### [ABOUT THIS TASK]
Gather every line below where "through" appears.

[Stored items from a collection]
<<<<

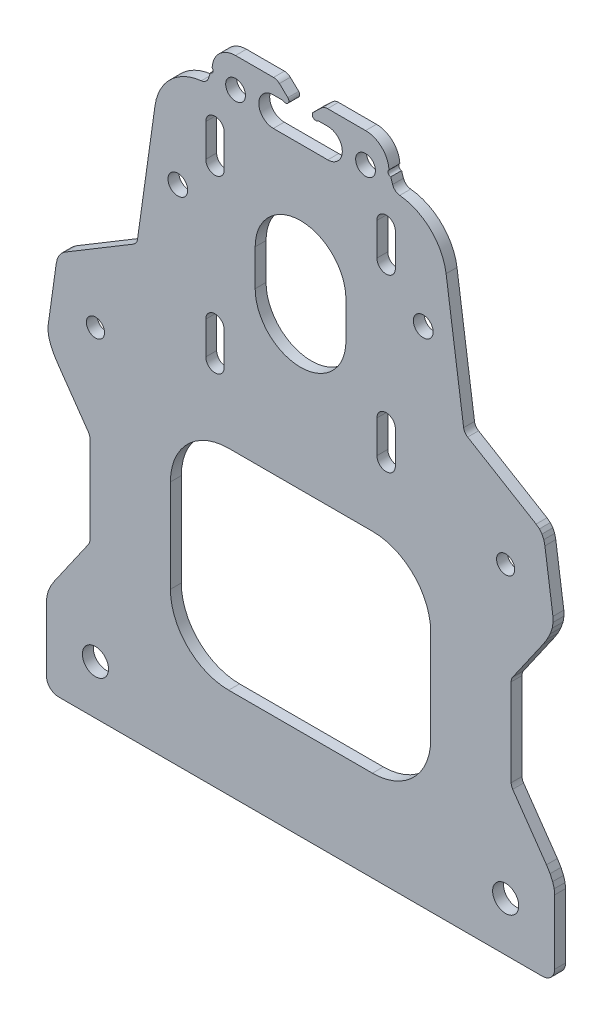
SolidWorks part; units mm, degrees
ref_plane "Front" through (0, 0, 0) normal (0, 0, 1) x (1, 0, 0)
ref_plane "Top" through (0, 0, 0) normal (0, 1, 0) x (1, 0, 0)
ref_plane "Right" through (0, 0, 0) normal (1, 0, 0) x (0, 0, -1)
sketch "Model" plane through (0, 0, 0) normal (0, 0, 1) x (1, 0, 0)
  line L0 (-66.6404, 0) -> (66.6403, 0)
  line L1 (-69.9997, 21.1105) -> (-69.9997, 3.3593)
  line L2 (-69.5175, 87.3083) -> (-67.3079, 103.0302)
  line L3 (-67.3079, 103.0302) -> (-66.9899, 104.3736)
  line L4 (-66.9899, 104.3736) -> (-66.4641, 105.4734)
  line L5 (-66.4641, 105.4734) -> (-65.7645, 106.3363)
  line L6 (-65.7645, 106.3363) -> (-64.8747, 107.0176)
  line L7 (-69.9997, 21.1105) -> (-69.8655, 22.4981)
  line L8 (-69.8655, 22.4981) -> (-69.4453, 23.9884)
  line L9 (-69.4453, 23.9884) -> (-68.7321, 25.549)
  line L10 (-68.7321, 25.549) -> (-67.7328, 27.1616)
  line L11 (3.5003, 174.5536) -> (5.8203, 176.7548)
  line L12 (-19.8029, 25.0481) -> (19.8036, 25.0481)
  line L13 (-58.4275, 67.2803) -> (-66.7857, 79.2679)
  line L14 (-66.7857, 79.2679) -> (-67.9147, 81.0492)
  line L15 (-67.9147, 81.0492) -> (-68.7631, 82.7614)
  line L16 (-68.7631, 82.7614) -> (-69.3163, 84.3925)
  line L17 (-69.3163, 84.3925) -> (-69.5643, 85.9155)
  line L18 (-69.5643, 85.9155) -> (-69.5175, 87.3083)
  line L19 (-58.0053, 41.8651) -> (-58.0053, 65.9363)
  line L20 (-44.9176, 120.0252) -> (-40.0933, 154.3521)
  line L21 (-25.3495, 168.249) -> (-24.8281, 169.8174)
  line L22 (-64.8747, 107.0176) -> (-46.0344, 118.338)
  line L23 (-35.8497, 66.7013) -> (-35.8497, 41.0949)
  line L24 (-26.1097, 157.54) -> (-26.1097, 148.54)
  line L25 (-26.1097, 110.4) -> (-26.1097, 101.4)
  line L26 (-21.0297, 101.4) -> (-21.0297, 110.4)
  line L27 (-21.0297, 148.54) -> (-21.0297, 157.54)
  line L28 (-67.7328, 27.1616) -> (-58.4269, 40.5219)
  line L29 (-12.4997, 134.47) -> (-12.4997, 124.47)
  line L30 (19.8036, 82.7481) -> (-19.8029, 82.7481)
  line L31 (12.5003, 124.47) -> (12.5003, 134.47)
  line L32 (21.0304, 157.54) -> (21.0304, 148.54)
  line L33 (21.0304, 110.4) -> (21.0304, 101.4)
  line L34 (58.4317, 40.5252) -> (67.7348, 27.1616)
  line L35 (26.1103, 101.4) -> (26.1103, 110.4)
  line L36 (26.1103, 148.54) -> (26.1103, 157.54)
  line L37 (35.8504, 41.0949) -> (35.8504, 66.7013)
  line L38 (46.0351, 118.338) -> (64.8754, 107.0176)
  line L39 (24.8288, 169.8174) -> (25.3502, 168.249)
  line L40 (40.094, 154.3521) -> (44.9183, 120.0252)
  line L41 (58.0103, 65.9397) -> (58.0103, 41.8678)
  line L42 (66.7838, 79.2679) -> (58.4323, 67.2832)
  line L43 (64.8754, 107.0176) -> (65.7822, 106.3199)
  line L44 (65.7822, 106.3199) -> (66.4875, 105.4379)
  line L45 (66.4875, 105.4379) -> (66.9996, 104.3501)
  line L46 (66.9996, 104.3501) -> (67.3095, 103.0302)
  line L47 (-5.8196, 176.7548) -> (-3.4996, 174.5536)
  line L48 (70.0003, 21.1105) -> (69.8663, 22.4981)
  line L49 (69.8663, 22.4981) -> (69.4463, 23.9884)
  line L50 (69.4463, 23.9884) -> (68.7335, 25.5489)
  line L51 (68.7335, 25.5489) -> (67.7348, 27.1616)
  line L52 (67.3095, 103.0302) -> (69.5191, 87.3083)
  line L53 (69.5191, 87.3083) -> (69.5654, 85.916)
  line L54 (69.5654, 85.916) -> (69.3167, 84.3947)
  line L55 (69.3167, 84.3947) -> (68.7632, 82.7647)
  line L56 (68.7632, 82.7647) -> (67.9141, 81.0517)
  line L57 (67.9141, 81.0517) -> (66.7838, 79.2679)
  line L58 (70.0003, 3.36) -> (70.0003, 21.1105)
  line L59 (-7.4996, 165.2073) -> (7.5003, 165.2073)
  line L60 (7.5003, 173.2073) -> (4.8467, 173.2073)
  line L61 (-4.846, 173.2073) -> (-7.4996, 173.2073)
  line L62 (17.9111, 177.4) -> (7.4378, 177.4)
  line L63 (-7.4371, 177.4) -> (-17.9104, 177.4)
  arc A0 (-19.8029, 82.7481) -> (-35.8497, 66.7013) centre (-19.8028, 66.7013) ccw
  arc A1 (-35.8497, 41.0949) -> (-19.8029, 25.0481) centre (-19.8029, 41.0949) ccw
  circle A2 centre (-56.4996, 13.52) radius 3.6
  arc A3 (-69.9997, 3.3593) -> (-66.6404, 0) centre (-66.6403, 3.3593) ccw
  arc A4 (-58.0053, 65.9363) -> (-58.4275, 67.2803) centre (-60.3552, 65.9363) ccw
  arc A5 (-58.4269, 40.5219) -> (-58.0053, 41.8651) centre (-60.3553, 41.8651) ccw
  arc A6 (-27.3372, 166.653) -> (-40.0933, 154.3521) centre (-25.8547, 152.351) ccw
  arc A7 (-17.9104, 177.4) -> (-24.3548, 171.2408) centre (-17.9104, 170.949) ccw
  arc A8 (-7.4996, 173.2073) -> (-7.4996, 165.2073) centre (-7.4996, 169.2073) ccw
  circle A9 centre (-17.8997, 169.2073) radius 2.725
  circle A10 centre (-33.7996, 138.65) radius 2.725
  arc A11 (-21.0297, 157.54) -> (-26.1097, 157.54) centre (-23.5696, 157.54) ccw
  arc A12 (-26.1097, 148.54) -> (-21.0297, 148.54) centre (-23.5696, 148.54) ccw
  arc A13 (-21.0297, 110.4) -> (-26.1097, 110.4) centre (-23.5696, 110.4) ccw
  arc A14 (-26.1097, 101.4) -> (-21.0297, 101.4) centre (-23.5696, 101.4) ccw
  circle A15 centre (-56.4996, 93.22) radius 2.5
  arc A16 (-46.0344, 118.338) -> (-44.9176, 120.0252) centre (-47.2448, 120.3523) ccw
  arc A17 (-27.3372, 166.653) -> (-25.3495, 168.249) centre (-27.5795, 168.9904) ccw
  arc A18 (-5.8196, 176.7548) -> (-7.4371, 177.4) centre (-7.4371, 175.05) ccw
  arc A19 (-4.846, 173.2073) -> (-3.4996, 174.5536) centre (-4.1728, 173.8805) ccw
  arc A20 (-24.8281, 169.8174) -> (-24.3548, 171.2408) centre (-24.888, 170.6277) ccw
  arc A21 (19.8036, 25.0481) -> (35.8504, 41.0949) centre (19.8036, 41.0949) ccw
  arc A22 (35.8504, 66.7013) -> (19.8036, 82.7481) centre (19.8036, 66.7013) ccw
  circle A23 centre (56.5004, 13.52) radius 3.6
  arc A24 (66.6403, 0) -> (70.0003, 3.36) centre (66.6403, 3.36) ccw
  arc A25 (58.4323, 67.2832) -> (58.0103, 65.9397) centre (60.3603, 65.9397) ccw
  arc A26 (58.0103, 41.8678) -> (58.4317, 40.5252) centre (60.3603, 41.8678) ccw
  arc A27 (40.094, 154.3521) -> (27.3379, 166.653) centre (25.8554, 152.351) ccw
  arc A28 (12.5003, 134.47) -> (-12.4997, 134.47) centre (0.0004, 134.47) ccw
  arc A29 (-12.4997, 124.47) -> (12.5003, 124.47) centre (0.0004, 124.47) ccw
  arc A30 (24.3555, 171.2408) -> (17.9111, 177.4) centre (17.9111, 170.949) ccw
  arc A31 (7.5003, 165.2073) -> (7.5003, 173.2073) centre (7.5003, 169.2073) ccw
  circle A32 centre (17.9004, 169.2073) radius 2.725
  circle A33 centre (33.8004, 138.65) radius 2.725
  arc A34 (26.1103, 157.54) -> (21.0304, 157.54) centre (23.5703, 157.54) ccw
  arc A35 (21.0304, 148.54) -> (26.1103, 148.54) centre (23.5703, 148.54) ccw
  arc A36 (26.1103, 110.4) -> (21.0304, 110.4) centre (23.5703, 110.4) ccw
  arc A37 (21.0304, 101.4) -> (26.1103, 101.4) centre (23.5703, 101.4) ccw
  circle A38 centre (56.5004, 93.22) radius 2.5
  arc A39 (44.9183, 120.0252) -> (46.0351, 118.338) centre (47.2455, 120.3523) ccw
  arc A40 (25.3502, 168.249) -> (27.3379, 166.653) centre (27.5802, 168.9904) ccw
  arc A41 (7.4378, 177.4) -> (5.8203, 176.7548) centre (7.4378, 175.05) ccw
  arc A42 (3.5003, 174.5536) -> (4.8467, 173.2073) centre (4.1735, 173.8805) ccw
  arc A43 (24.3555, 171.2408) -> (24.8288, 169.8174) centre (24.8887, 170.6277) ccw
extrude "Boss-Extrude1" add sketch "Model" along normal blind 3

>>>>

### [OUTPUT OF THE TASK]
ref_plane "Front" through (0, 0, 0) normal (0, 0, 1) x (1, 0, 0)
ref_plane "Top" through (0, 0, 0) normal (0, 1, 0) x (1, 0, 0)
ref_plane "Right" through (0, 0, 0) normal (1, 0, 0) x (0, 0, -1)
sketch "Model" plane through (0, 0, 0) normal (0, 0, 1) x (1, 0, 0)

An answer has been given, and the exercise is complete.